Strange small room off the side...What to do with this?





The outside of that weird small room














It had a door in the dividing wall to the other side.


----------



## SheepGirl (Jul 8, 2012)

I would say you got yourself a mighty fine little barn right there! As long as it's structurally sound and won't fall a part in weather, then it's good to go. That storage room can be used to store equipment, feed, hay, etc.

You can keep it the way it is (without bedding), but if you want you can add straw or shavings down to make it more comfortable (however straw tends to get too hot for bedding in the summer).


----------



## Straw Hat Kikos (Jul 8, 2012)

As long as it doesn't leak water then its good. Very good actually. I would also use the storage areas for feed, hay, bedding, mineral, and whatever else you need it for. You could use fine horse bedding, reg pine shavings, or straw. I like the fine bedding so you can scoop a bit so it lasts longer. Straw can be a huge pain in the butt for bedding.


----------



## PendergrassRanch (Jul 8, 2012)

SheepGirl said:
			
		

> I would say you got yourself a mighty fine little barn right there! As long as it's structurally sound and won't fall a part in weather, then it's good to go. That storage room can be used to store equipment, feed, hay, etc.
> 
> You can keep it the way it is (without bedding), but if you want you can add straw or shavings down to make it more comfortable (however straw tends to get too hot for bedding in the summer).


I was thinking about making a lip at the edge of the concrete so I can keep a couple inches of shavings there and then leave the gravel bare.  This concrete is a few inches lower than the other side so I think it would make a nice little bed for them.  Its above the ground too so it would be dry during winter.  Does that sound like a good idea?

I am a little worried about the sunlight we can see in the roof but I am sure its an easy fix.

FWIW this is the other side. Its about 2/3 of the building.

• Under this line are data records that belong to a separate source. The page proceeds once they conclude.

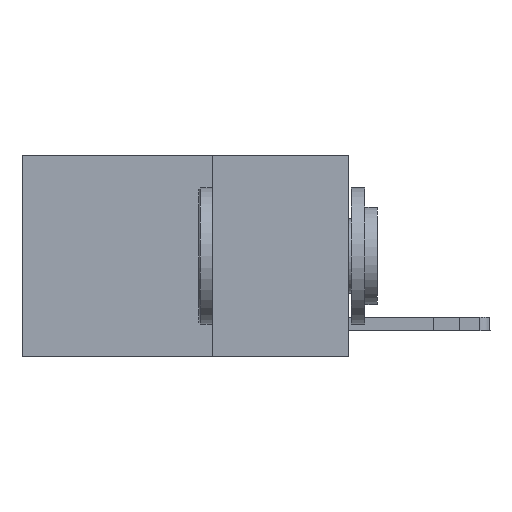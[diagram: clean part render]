
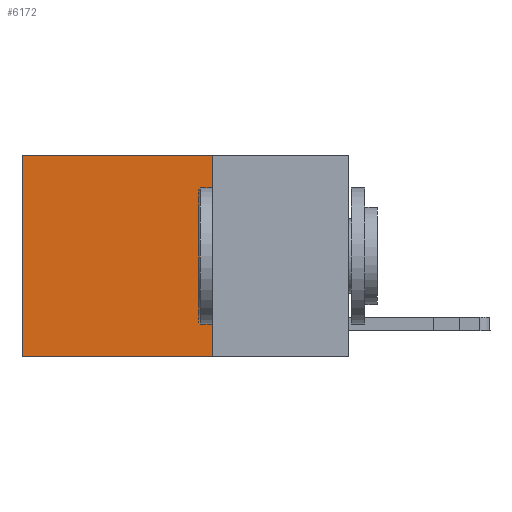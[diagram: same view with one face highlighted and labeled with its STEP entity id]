
A CAD part, left-side view. The second image highlights one B-rep face of the part: STEP entity #6172.
In plain terms, the highlighted planar face has unit normal (-1, 0, 0).
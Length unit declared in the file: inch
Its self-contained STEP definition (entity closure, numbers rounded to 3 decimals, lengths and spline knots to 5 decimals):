
#1 = VECTOR ( 'NONE', #19890, 39.37008 ) ;
#538 = DIRECTION ( 'NONE',  ( 0., 0., -1. ) ) ;
#998 = LINE ( 'NONE', #15872, #3752 ) ;
#1714 = EDGE_CURVE ( 'NONE', #23204, #5623, #2938, .T. ) ;
#1954 = EDGE_LOOP ( 'NONE', ( #23242, #10071, #5253, #17482 ) ) ;
#2513 = VECTOR ( 'NONE', #10133, 39.37008 ) ;
#2938 = LINE ( 'NONE', #11856, #2513 ) ;
#3720 = DIRECTION ( 'NONE',  ( 0., 0., -1. ) ) ;
#3752 = VECTOR ( 'NONE', #538, 39.37008 ) ;
#4971 = CARTESIAN_POINT ( 'NONE',  ( 0.2625, 0.25, 0. ) ) ;
#5222 = DIRECTION ( 'NONE',  ( 1., 0., 0. ) ) ;
#5253 = ORIENTED_EDGE ( 'NONE', *, *, #5805, .F. ) ;
#5571 = PLANE ( 'NONE',  #8584 ) ;
#5623 = VERTEX_POINT ( 'NONE', #22984 ) ;
#5805 = EDGE_CURVE ( 'NONE', #19543, #23204, #998, .T. ) ;
#5953 = CARTESIAN_POINT ( 'NONE',  ( 0.2625, 0.25, -0.37 ) ) ;
#6172 = ADVANCED_FACE ( 'NONE', ( #22324 ), #5571, .F. ) ;
#8584 = AXIS2_PLACEMENT_3D ( 'NONE', #12983, #5222, #18285 ) ;
#10071 = ORIENTED_EDGE ( 'NONE', *, *, #1714, .F. ) ;
#10133 = DIRECTION ( 'NONE',  ( 0., 1., 0. ) ) ;
#10653 = EDGE_CURVE ( 'NONE', #20751, #5623, #14771, .T. ) ;
#11856 = CARTESIAN_POINT ( 'NONE',  ( 0.2625, 0.25, -0.37 ) ) ;
#12780 = CARTESIAN_POINT ( 'NONE',  ( 0.2625, 0.25, 0. ) ) ;
#12983 = CARTESIAN_POINT ( 'NONE',  ( 0.2625, 0.25, 0. ) ) ;
#13511 = VECTOR ( 'NONE', #3720, 39.37008 ) ;
#14273 = EDGE_CURVE ( 'NONE', #19543, #20751, #21731, .T. ) ;
#14771 = LINE ( 'NONE', #16517, #13511 ) ;
#15872 = CARTESIAN_POINT ( 'NONE',  ( 0.2625, 0.25, 0. ) ) ;
#16417 = CARTESIAN_POINT ( 'NONE',  ( 0.2625, 0.6, 0. ) ) ;
#16517 = CARTESIAN_POINT ( 'NONE',  ( 0.2625, 0.6, 0. ) ) ;
#17482 = ORIENTED_EDGE ( 'NONE', *, *, #14273, .T. ) ;
#18285 = DIRECTION ( 'NONE',  ( 0., 0., -1. ) ) ;
#19543 = VERTEX_POINT ( 'NONE', #12780 ) ;
#19890 = DIRECTION ( 'NONE',  ( 0., 1., 0. ) ) ;
#20751 = VERTEX_POINT ( 'NONE', #16417 ) ;
#21731 = LINE ( 'NONE', #4971, #1 ) ;
#22324 = FACE_OUTER_BOUND ( 'NONE', #1954, .T. ) ;
#22984 = CARTESIAN_POINT ( 'NONE',  ( 0.2625, 0.6, -0.37 ) ) ;
#23204 = VERTEX_POINT ( 'NONE', #5953 ) ;
#23242 = ORIENTED_EDGE ( 'NONE', *, *, #10653, .T. ) ;

and for kicks, this is going to be the chicken house.


----------



## WhiteMountainsRanch (Jul 8, 2012)

*Man those are awesome! You sure are lucky!!! *


----------



## Roll farms (Jul 9, 2012)

I'd give anything to have had barns like those when we got our place!  Congrats!

You could also use that 'shed' as a kidding stall if you needed to.


----------



## Catahoula (Jul 9, 2012)

> and for kicks, this is going to be the chicken house.
> 
> http://i1208.photobucket.com/albums/cc364/drewski99/Goat house/DSC04492.jpg
> http://i1208.photobucket.com/albums/cc364/drewski99/Goat house/DSC04493.jpg
> http://i1208.photobucket.com/albums/cc364/drewski99/Goat house/DSC04496.jpg


Wow Just the 'chicken' house alone  I could make that chicken and goat housing!!


----------



## Pearce Pastures (Jul 9, 2012)

So lucky!  I wish I had that kind of sett up.  I'd use the offset building as an equipment and feed room.  Nice to have rakes, shovels, meds, hoof shears and such close by.


----------



## aggieterpkatie (Jul 9, 2012)

I'm jealous!!!    Those barns are awesome!!


----------



## terrilhb (Jul 9, 2012)

I'm jealous too. I love those barns.


----------



## bonbean01 (Jul 9, 2012)

I'm jealous too...wow...looks great!


----------



## Bossroo (Jul 9, 2012)

You have a water well right next to the future chicken house and/ or other animals... I would seriously reconsider this as  nitrates and nitrites will contaminate the water.  Please check this out with your county health department.


----------



## PendergrassRanch (Jul 9, 2012)

Bossroo said:
			
		

> You have a water well right next to the future chicken house and/ or other animals... I would seriously reconsider this as  nitrates and nitrites will contaminate the water.  Please check this out with your county health department.


We are looking in to this right now.  

I am reconsidering the chicken house because it is rather large and I may want to use it for something else.  Possibly just for hay, and miscellaneous tools.


----------



## PendergrassRanch (Jul 9, 2012)

Pearce Pastures said:
			
		

> So lucky!  I wish I had that kind of sett up.  I'd use the offset building as an equipment and feed room.  Nice to have rakes, shovels, meds, hoof shears and such close by.


The more I think about it...

I think the chickens will go in the offset building and the smaller shed will be hay and feed storage.


----------



## sdsmowen (Jul 17, 2012)

That is a super idea for a  Chicken house!


----------